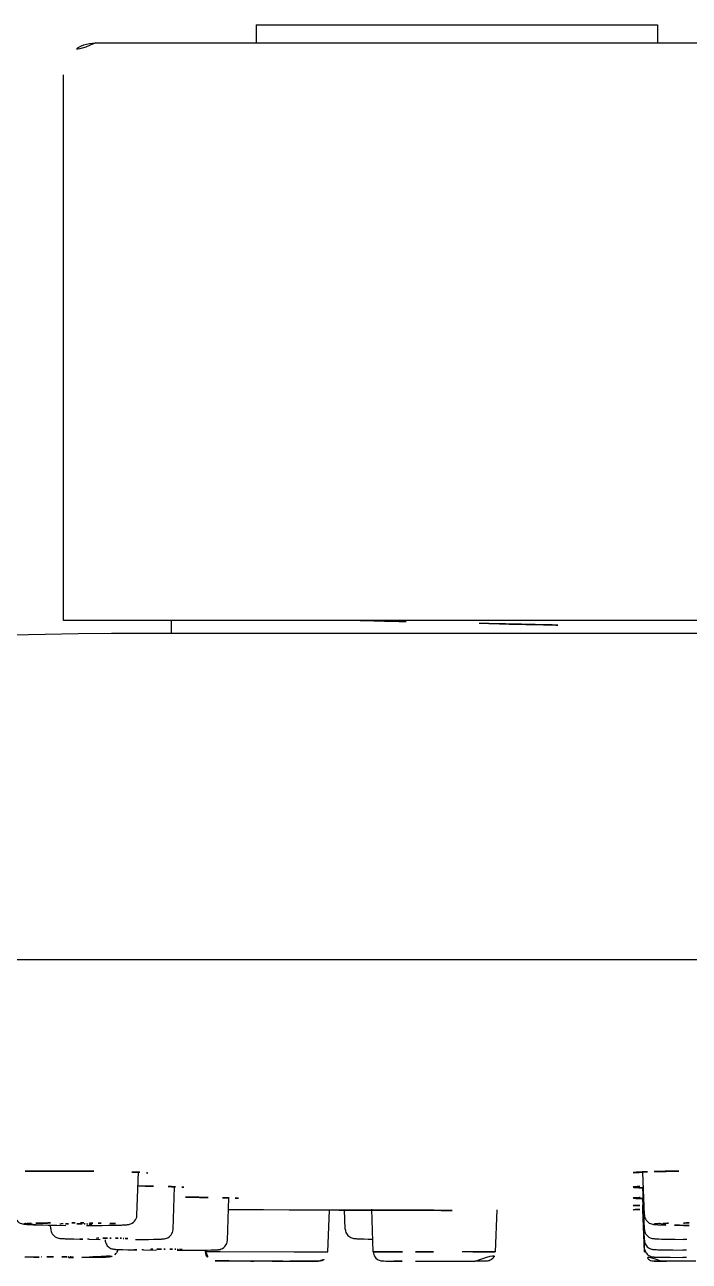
# Model space of a CAD drawing. Extents: x 16296660632 to 16296676033, y -37409619871 to -37409617369.
# Drawn here: x 16296675542.43 to 16296675563.13, y -37409617489.02 to -37409617450.48 of the extents above; entities that cross this region are included whole.
import ezdxf

# ---------------------------------------------------------------- set-up
doc = ezdxf.new("R2010")
doc.units = 0
doc.header["$LTSCALE"] = 10
doc.header["$MEASUREMENT"] = 0
doc.layers.get('0').update_dxf_attribs({"linetype": 'CONTINUOUS'})

msp = doc.modelspace()

# ---------------------------------------------------------------- linework, layer by layer
at = {"color": 7, "linetype": 'Continuous'}
for p, q in [((16296675549.642771, -37409617450.478577), (16296675549.642771, -37409617451.044456)), ((16296675549.642891, -37409617450.478577), (16296675562.142771, -37409617450.478577)), ((16296675562.142771, -37409617450.478577), (16296675562.142771, -37409617451.044456)), ((16296675544.642771, -37409617451.044456), (16296675582.642771, -37409617451.044456)), ((16296675543.642771, -37409617469.044456), (16296675543.642771, -37409617452.044456)), ((16296675583.642771, -37409617469.044456), (16296675543.642771, -37409617469.044456)), ((16296675546.992769, -37409617469.044456), (16296675546.992769, -37409617469.452652)), ((16296675556.89485, -37409617469.144127), (16296675556.593719, -37409617469.137047)), ((16296675582.142771, -37409617469.452652), (16296675545.142771, -37409617469.452652)), ((16296675677.86886, -37409617479.627632), (16296675449.416691, -37409617479.627632)), ((16296675545.92745, -37409617487.582397), (16296675545.974171, -37409617486.244453)), ((16296675561.736151, -37409617487.574112), (16296675561.689989, -37409617486.252434)), ((16296675547.05282, -37409617488.028008), (16296675547.099279, -37409617486.697746)), ((16296675561.736151, -37409617488.02021), (16296675561.690001, -37409617486.698677)), ((16296675548.746361, -37409617488.367638), (16296675548.792549, -37409617487.04496)), ((16296675561.736151, -37409617488.360527), (16296675561.690001, -37409617487.039124)), ((16296675548.77873, -37409617487.406563), (16296675549.096359, -37409617487.407516)), ((16296675549.096359, -37409617487.407516), (16296675549.86487, -37409617487.410088)), ((16296675549.86487, -37409617487.410088), (16296675550.6674, -37409617487.413116)), ((16296675550.6674, -37409617487.413116), (16296675551.72438, -37409617487.417793)), ((16296675551.72438, -37409617487.417793), (16296675552.22382, -37409617487.421257)), ((16296675551.877769, -37409617488.729698), (16296675551.92334, -37409617487.424744)), ((16296675552.414351, -37409617488.016251), (16296675552.39336, -37409617487.415337)), ((16296675553.28661, -37409617488.720383), (16296675553.240419, -37409617487.397614)), ((16296675557.099871, -37409617488.727463), (16296675557.145611, -37409617487.417664)), ((16296675561.736151, -37409617488.595093), (16296675561.690001, -37409617487.273773)), ((16296675561.736151, -37409617488.72393), (16296675561.69001, -37409617487.402649)), ((16296675542.720961, -37409617487.880119), (16296675542.834999, -37409617487.884064)), ((16296675542.834999, -37409617487.884064), (16296675542.9937, -37409617487.888496)), ((16296675542.9937, -37409617487.888496), (16296675543.16432, -37409617487.892372)), ((16296675543.16432, -37409617487.892372), (16296675543.434759, -37409617487.897079)), ((16296675543.239559, -37409617488.01239), (16296675543.23542, -37409617487.893753)), ((16296675543.434759, -37409617487.897079), (16296675543.71456, -37409617487.900513)), ((16296675543.56719, -37409617487.856743), (16296675543.53363, -37409617487.859177)), ((16296675543.623051, -37409617487.854713), (16296675543.56719, -37409617487.856743)), ((16296675544.355221, -37409617487.903664), (16296675544.607241, -37409617487.903107)), ((16296675544.47436, -37409617487.8713), (16296675544.508089, -37409617487.868874)), ((16296675544.607241, -37409617487.903107), (16296675544.83779, -37409617487.901604)), ((16296675544.83779, -37409617487.901604), (16296675545.042, -37409617487.8992)), ((16296675545.042, -37409617487.8992), (16296675545.161751, -37409617487.897171)), ((16296675545.161751, -37409617487.897171), (16296675545.267891, -37409617487.894836)), ((16296675545.267891, -37409617487.894836), (16296675545.36054, -37409617487.892273)), ((16296675545.36054, -37409617487.892273), (16296675545.440001, -37409617487.889488)), ((16296675562.31492, -37409617487.88636), (16296675562.4002, -37409617487.889137)), ((16296675543.769291, -37409617488.318916), (16296675543.858431, -37409617488.321823)), ((16296675543.858431, -37409617488.321823), (16296675543.960661, -37409617488.324631)), ((16296675543.960661, -37409617488.324631), (16296675544.14246, -37409617488.328743)), ((16296675544.43848, -37409617488.333679), (16296675544.38727, -37409617488.332932)), ((16296675544.43577, -37409617488.333702), (16296675544.785219, -37409617488.337753)), ((16296675544.68457, -37409617488.304337), (16296675544.65613, -37409617488.30619)), ((16296675544.738199, -37409617488.302696), (16296675544.68457, -37409617488.304337)), ((16296675545.05212, -37409617488.58149), (16296675545.08152, -37409617488.601349)), ((16296675545.35009, -37409617488.651863), (16296675545.39979, -37409617488.653519)), ((16296675545.39979, -37409617488.653519), (16296675545.489651, -37409617488.656021)), ((16296675545.489651, -37409617488.656021), (16296675545.63751, -37409617488.659302)), ((16296675545.607849, -37409617488.315819), (16296675545.63641, -37409617488.31398)), ((16296675545.63751, -37409617488.659302), (16296675545.83465, -37409617488.662727)), ((16296675545.876829, -37409617488.340523), (16296675546.093809, -37409617488.339043)), ((16296675546.12756, -37409617488.666542), (16296675546.076679, -37409617488.665947)), ((16296675546.093809, -37409617488.339043), (16296675546.28145, -37409617488.336906)), ((16296675546.12562, -37409617488.66655), (16296675546.53997, -37409617488.670273)), ((16296675546.28145, -37409617488.336906), (16296675546.438641, -37409617488.334244)), ((16296675546.34631, -37409617488.647453), (16296675546.34339, -37409617488.648178)), ((16296675546.367571, -37409617488.646187), (16296675546.34631, -37409617488.647453)), ((16296675546.41721, -37409617488.644943), (16296675546.367571, -37409617488.646187)), ((16296675546.438641, -37409617488.334244), (16296675546.52618, -37409617488.332222)), ((16296675546.52618, -37409617488.332222), (16296675546.60006, -37409617488.330017)), ((16296675547.177851, -37409617488.672997), (16296675547.57762, -37409617488.672813)), ((16296675547.311979, -37409617488.654572), (16296675547.33333, -37409617488.653313)), ((16296675547.33333, -37409617488.653313), (16296675547.336281, -37409617488.652588)), ((16296675547.57762, -37409617488.672813), (16296675547.90811, -37409617488.671173)), ((16296675547.90811, -37409617488.671173), (16296675548.117331, -37409617488.669037)), ((16296675548.06451, -37409617488.718147), (16296675548.062811, -37409617488.669701)), ((16296675548.117331, -37409617488.669037), (16296675548.2407, -37409617488.667061)), ((16296675548.2407, -37409617488.667061), (16296675548.30703, -37409617488.665604)), ((16296675548.30703, -37409617488.665604), (16296675548.361179, -37409617488.664009)), ((16296675552.932329, -37409617488.322227), (16296675553.003519, -37409617488.324509)), ((16296675553.003519, -37409617488.324509), (16296675553.1283, -37409617488.327797)), ((16296675553.1283, -37409617488.327797), (16296675553.27301, -37409617488.330887)), ((16296675562.1581, -37409617488.659027), (16296675562.21287, -37409617488.660667)), ((16296675562.21287, -37409617488.660667), (16296675562.312811, -37409617488.66304)), ((16296675562.267969, -37409617488.326187), (16296675562.357361, -37409617488.328728)), ((16296675562.312811, -37409617488.66304), (16296675562.433689, -37409617488.66526)), ((16296675562.357361, -37409617488.328728), (16296675562.51581, -37409617488.332253)), ((16296675562.433689, -37409617488.66526), (16296675562.62476, -37409617488.667908)), ((16296675562.51581, -37409617488.332253), (16296675562.69997, -37409617488.335297)), ((16296675562.62476, -37409617488.667908), (16296675562.935011, -37409617488.670769)), ((16296675562.69997, -37409617488.335297), (16296675562.94191, -37409617488.338142)), ((16296675563.048361, -37409617488.671463), (16296675562.93705, -37409617488.670753)), ((16296675563.05493, -37409617488.33905), (16296675562.944691, -37409617488.338097)), ((16296675542.668659, -37409617488.890877), (16296675542.43074, -37409617488.888443)), ((16296675542.71903, -37409617488.891342), (16296675542.668659, -37409617488.890877)), ((16296675548.064501, -37409617488.718117), (16296675548.518801, -37409617488.718277)), ((16296675548.363251, -37409617489.007477), (16296675548.367571, -37409617489.007339)), ((16296675548.383499, -37409617489.007896), (16296675548.364111, -37409617489.007561)), ((16296675548.367571, -37409617489.007339), (16296675548.62698, -37409617489.007301)), ((16296675548.42922, -37409617489.008347), (16296675548.383499, -37409617489.007896)), ((16296675548.384279, -37409617489.007912), (16296675549.08984, -37409617489.008438)), ((16296675548.799259, -37409617489.010628), (16296675548.40609, -37409617489.008141)), ((16296675548.47345, -37409617489.00869), (16296675548.42922, -37409617489.008347)), ((16296675548.53619, -37409617489.009117), (16296675548.47345, -37409617489.00869)), ((16296675548.518801, -37409617488.718277), (16296675550.82995, -37409617488.724854)), ((16296675548.57925, -37409617489.009392), (16296675548.53619, -37409617489.009117)), ((16296675548.601641, -37409617489.009521), (16296675548.57925, -37409617489.009392)), ((16296675548.690531, -37409617489.01004), (16296675548.601641, -37409617489.009521)), ((16296675548.62698, -37409617489.007301), (16296675549.85103, -37409617489.010986)), ((16296675548.77334, -37409617489.01049), (16296675548.690531, -37409617489.01004)), ((16296675548.88834, -37409617489.011078), (16296675548.77334, -37409617489.01049)), ((16296675549.50617, -37409617489.013847), (16296675548.799259, -37409617489.010628)), ((16296675548.960831, -37409617489.011436), (16296675548.88834, -37409617489.011078)), ((16296675549.08984, -37409617489.008438), (16296675550.979271, -37409617489.015663)), ((16296675549.476721, -37409617489.011917), (16296675549.47472, -37409617489.011971)), ((16296675549.47472, -37409617489.011971), (16296675549.51199, -37409617489.012329)), ((16296675549.83161, -37409617489.012703), (16296675549.476721, -37409617489.011917)), ((16296675549.51199, -37409617489.012329), (16296675549.56958, -37409617489.012657)), ((16296675550.17939, -37409617489.013977), (16296675549.83161, -37409617489.012703)), ((16296675549.85103, -37409617489.010986), (16296675550.141951, -37409617489.0121)), ((16296675550.141951, -37409617489.0121), (16296675550.425859, -37409617489.013252)), ((16296675550.28035, -37409617489.014427), (16296675550.17939, -37409617489.013977)), ((16296675550.37295, -37409617489.014877), (16296675550.28035, -37409617489.014427)), ((16296675550.43051, -37409617489.015213), (16296675550.37295, -37409617489.014877)), ((16296675550.425859, -37409617489.013252), (16296675550.46876, -37409617489.013443)), ((16296675550.467739, -37409617489.015556), (16296675550.43051, -37409617489.015213)), ((16296675550.46574, -37409617489.015602), (16296675550.467739, -37409617489.015556)), ((16296675550.46876, -37409617489.013443), (16296675550.693911, -37409617489.01442)), ((16296675550.540119, -37409617489.017273), (16296675551.576571, -37409617489.019257)), ((16296675551.56632, -37409617489.019043), (16296675550.693899, -37409617489.014542)), ((16296675550.82995, -37409617488.724854), (16296675551.513729, -37409617488.727524)), ((16296675551.513729, -37409617488.727524), (16296675551.877769, -37409617488.729729)), ((16296675551.576571, -37409617489.019257), (16296675551.56632, -37409617489.019043)), ((16296675553.59897, -37409617489.010361), (16296675553.62455, -37409617489.010803)), ((16296675553.62455, -37409617489.010803), (16296675553.681299, -37409617489.011467)), ((16296675553.681299, -37409617489.011467), (16296675553.92873, -37409617489.013344)), ((16296675554.60429, -37409617489.016403), (16296675554.717739, -37409617489.016792)), ((16296675554.717739, -37409617489.016792), (16296675555.111469, -37409617489.017937)), ((16296675555.111469, -37409617489.017937), (16296675555.416531, -37409617489.018646)), ((16296675555.416531, -37409617489.018646), (16296675555.748381, -37409617489.019234)), ((16296675555.748381, -37409617489.019234), (16296675555.91917, -37409617489.019432)), ((16296675555.91873, -37409617489.019447), (16296675556.202299, -37409617489.019409)), ((16296675556.39127, -37409617488.730019), (16296675556.054819, -37409617488.72995)), ((16296675556.202999, -37409617489.019409), (16296675556.46694, -37409617489.019073)), ((16296675562.123091, -37409617488.88945), (16296675562.16905, -37409617488.890488)), ((16296675562.16905, -37409617488.890488), (16296675562.25602, -37409617488.892014)), ((16296675562.401541, -37409617489.017357), (16296675562.255079, -37409617489.01651)), ((16296675562.25602, -37409617488.892014), (16296675562.54026, -37409617488.895233)), ((16296675562.323179, -37409617489.009758), (16296675562.52389, -37409617489.008881)), ((16296675562.685471, -37409617489.018494), (16296675562.401541, -37409617489.017357)), ((16296675562.52389, -37409617489.008881), (16296675562.766211, -37409617489.008186)), ((16296675562.54026, -37409617488.895233), (16296675562.930559, -37409617488.897697)), ((16296675562.92812, -37409617489.019127), (16296675562.673491, -37409617489.018448)), ((16296675562.927441, -37409617489.019127), (16296675562.685471, -37409617489.018494)), ((16296675562.766211, -37409617489.008186), (16296675563.040661, -37409617489.007698)), ((16296675563.040751, -37409617489.019112), (16296675562.92812, -37409617489.018921)), ((16296675563.04389, -37409617488.89814), (16296675562.931829, -37409617488.89769)), ((16296675563.040661, -37409617489.007698), (16296675563.336531, -37409617489.007431))]:
    msp.add_line(p, q, dxfattribs=at)
for points in [[(16296675542.11433, -37409617487.565666), (16296675542.1152, -37409617487.580208), (16296675542.121519, -37409617487.621277), (16296675542.134001, -37409617487.662651), (16296675542.15325, -37409617487.703377), (16296675542.179199, -37409617487.741966), (16296675542.212049, -37409617487.77739), (16296675542.24958, -37409617487.806633), (16296675542.290159, -37409617487.829369), (16296675542.32799, -37409617487.844116), (16296675542.356529, -37409617487.851868), (16296675542.380329, -37409617487.856613), (16296675542.401381, -37409617487.859818), (16296675542.421789, -37409617487.862328), (16296675542.44381, -37409617487.864578), (16296675542.46777, -37409617487.866669), (16296675542.494539, -37409617487.868698), (16296675542.52425, -37409617487.870682), (16296675542.557199, -37409617487.872627), (16296675542.59339, -37409617487.874557), (16296675542.632851, -37409617487.87645), (16296675542.720961, -37409617487.880119)], [(16296675545.440001, -37409617487.889488), (16296675545.474939, -37409617487.888023), (16296675545.506861, -37409617487.886513), (16296675545.53586, -37409617487.884949), (16296675545.562229, -37409617487.883324), (16296675545.58609, -37409617487.881607), (16296675545.60813, -37409617487.879738), (16296675545.62854, -37409617487.877663), (16296675545.64916, -37409617487.875053), (16296675545.67132, -37409617487.871407), (16296675545.69813, -37409617487.865372), (16296675545.73538, -37409617487.853119), (16296675545.77676, -37409617487.83297), (16296675545.817141, -37409617487.805023), (16296675545.853359, -37409617487.769836), (16296675545.881821, -37409617487.731308), (16296675545.903299, -37409617487.690262), (16296675545.917669, -37409617487.648247), (16296675545.92552, -37409617487.606201), (16296675545.927299, -37409617487.582489)], [(16296675561.736309, -37409617487.573997), (16296675561.73683, -37409617487.58403), (16296675561.74217, -37409617487.62339), (16296675561.752899, -37409617487.662537), (16296675561.769489, -37409617487.701134), (16296675561.79192, -37409617487.73793), (16296675561.820021, -37409617487.772034), (16296675561.852921, -37409617487.801643), (16296675561.89064, -37409617487.826668), (16296675561.92782, -37409617487.844528), (16296675561.959, -37409617487.855217), (16296675561.985531, -37409617487.861794), (16296675562.006729, -37409617487.865723), (16296675562.025789, -37409617487.868492), (16296675562.045219, -37409617487.870796), (16296675562.065519, -37409617487.872833), (16296675562.08773, -37409617487.87471), (16296675562.11208, -37409617487.876511), (16296675562.139009, -37409617487.878258), (16296675562.16861, -37409617487.879959), (16296675562.201031, -37409617487.881622), (16296675562.236259, -37409617487.883247), (16296675562.31492, -37409617487.88636)], [(16296675543.24098, -37409617488.01236), (16296675543.245029, -37409617488.052094), (16296675543.253839, -37409617488.089569), (16296675543.267969, -37409617488.126862)], [(16296675543.267969, -37409617488.126862), (16296675543.287729, -37409617488.163162), (16296675543.31311, -37409617488.197548), (16296675543.34383, -37409617488.228607), (16296675543.38061, -37409617488.256027), (16296675543.418699, -37409617488.276642), (16296675543.453899, -37409617488.290077), (16296675543.484301, -37409617488.298042)], [(16296675546.81274, -37409617488.312424), (16296675546.84429, -37409617488.303543), (16296675546.884439, -37409617488.286728), (16296675546.92592, -37409617488.261551), (16296675546.961651, -37409617488.231354), (16296675546.99181, -37409617488.196404), (16296675547.015421, -37409617488.159058), (16296675547.03277, -37409617488.120262), (16296675547.044069, -37409617488.080994), (16296675547.04987, -37409617488.041969), (16296675547.05069, -37409617488.027946)], [(16296675552.415689, -37409617488.016144), (16296675552.419109, -37409617488.051964), (16296675552.426359, -37409617488.085716), (16296675552.43782, -37409617488.11937), (16296675552.45369, -37409617488.152229), (16296675552.473961, -37409617488.183746), (16296675552.498449, -37409617488.213097), (16296675552.527309, -37409617488.2397), (16296675552.55916, -37409617488.262192), (16296675552.593679, -37409617488.280563), (16296675552.62631, -37409617488.293159), (16296675552.652321, -37409617488.300377), (16296675552.67396, -37409617488.304787), (16296675552.69141, -37409617488.307503), (16296675552.707001, -37409617488.309441), (16296675552.72262, -37409617488.31105), (16296675552.73868, -37409617488.312462), (16296675552.75609, -37409617488.313789), (16296675552.77499, -37409617488.315063), (16296675552.795771, -37409617488.316292), (16296675552.818541, -37409617488.317497), (16296675552.843491, -37409617488.318703), (16296675552.87072, -37409617488.319893), (16296675552.932329, -37409617488.322227)], [(16296675561.737579, -37409617488.02021), (16296675561.741489, -37409617488.059128), (16296675561.750259, -37409617488.096786), (16296675561.76437, -37409617488.13427), (16296675561.784161, -37409617488.170738), (16296675561.80962, -37409617488.205276)], [(16296675561.80962, -37409617488.205276), (16296675561.840441, -37409617488.236473), (16296675561.8773, -37409617488.263947), (16296675561.91548, -37409617488.284607), (16296675561.95076, -37409617488.298058), (16296675561.981279, -37409617488.30603), (16296675562.003571, -37409617488.310127)], [(16296675543.484301, -37409617488.298042), (16296675543.506359, -37409617488.302116), (16296675543.524969, -37409617488.304703), (16296675543.54306, -37409617488.306686), (16296675543.56163, -37409617488.308372), (16296675543.58242, -37409617488.309959), (16296675543.60561, -37409617488.311493), (16296675543.63179, -37409617488.313004), (16296675543.66111, -37409617488.314484), (16296675543.69376, -37409617488.315964), (16296675543.769291, -37409617488.318916)], [(16296675544.934509, -37409617488.353394), (16296675544.93486, -37409617488.360832), (16296675544.93812, -37409617488.390472), (16296675544.944389, -37409617488.420036), (16296675544.953779, -37409617488.449371), (16296675544.966619, -37409617488.478432)], [(16296675544.966619, -37409617488.478432), (16296675544.98291, -37409617488.50666), (16296675545.00251, -37409617488.533508), (16296675545.025499, -37409617488.558571), (16296675545.05212, -37409617488.58149)], [(16296675545.08152, -37409617488.601349), (16296675545.11409, -37409617488.618187), (16296675545.14534, -37409617488.62999), (16296675545.170931, -37409617488.636887)], [(16296675545.170931, -37409617488.636887), (16296675545.191931, -37409617488.640953), (16296675545.207451, -37409617488.643173), (16296675545.220421, -37409617488.64463), (16296675545.232941, -37409617488.645767), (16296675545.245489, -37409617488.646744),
----
▶ _What the exercise asks_:
Copy out every line from the material above where the string "header" turns up.

▶ _Result of this exercise_:
doc.header["$LTSCALE"] = 10
doc.header["$MEASUREMENT"] = 0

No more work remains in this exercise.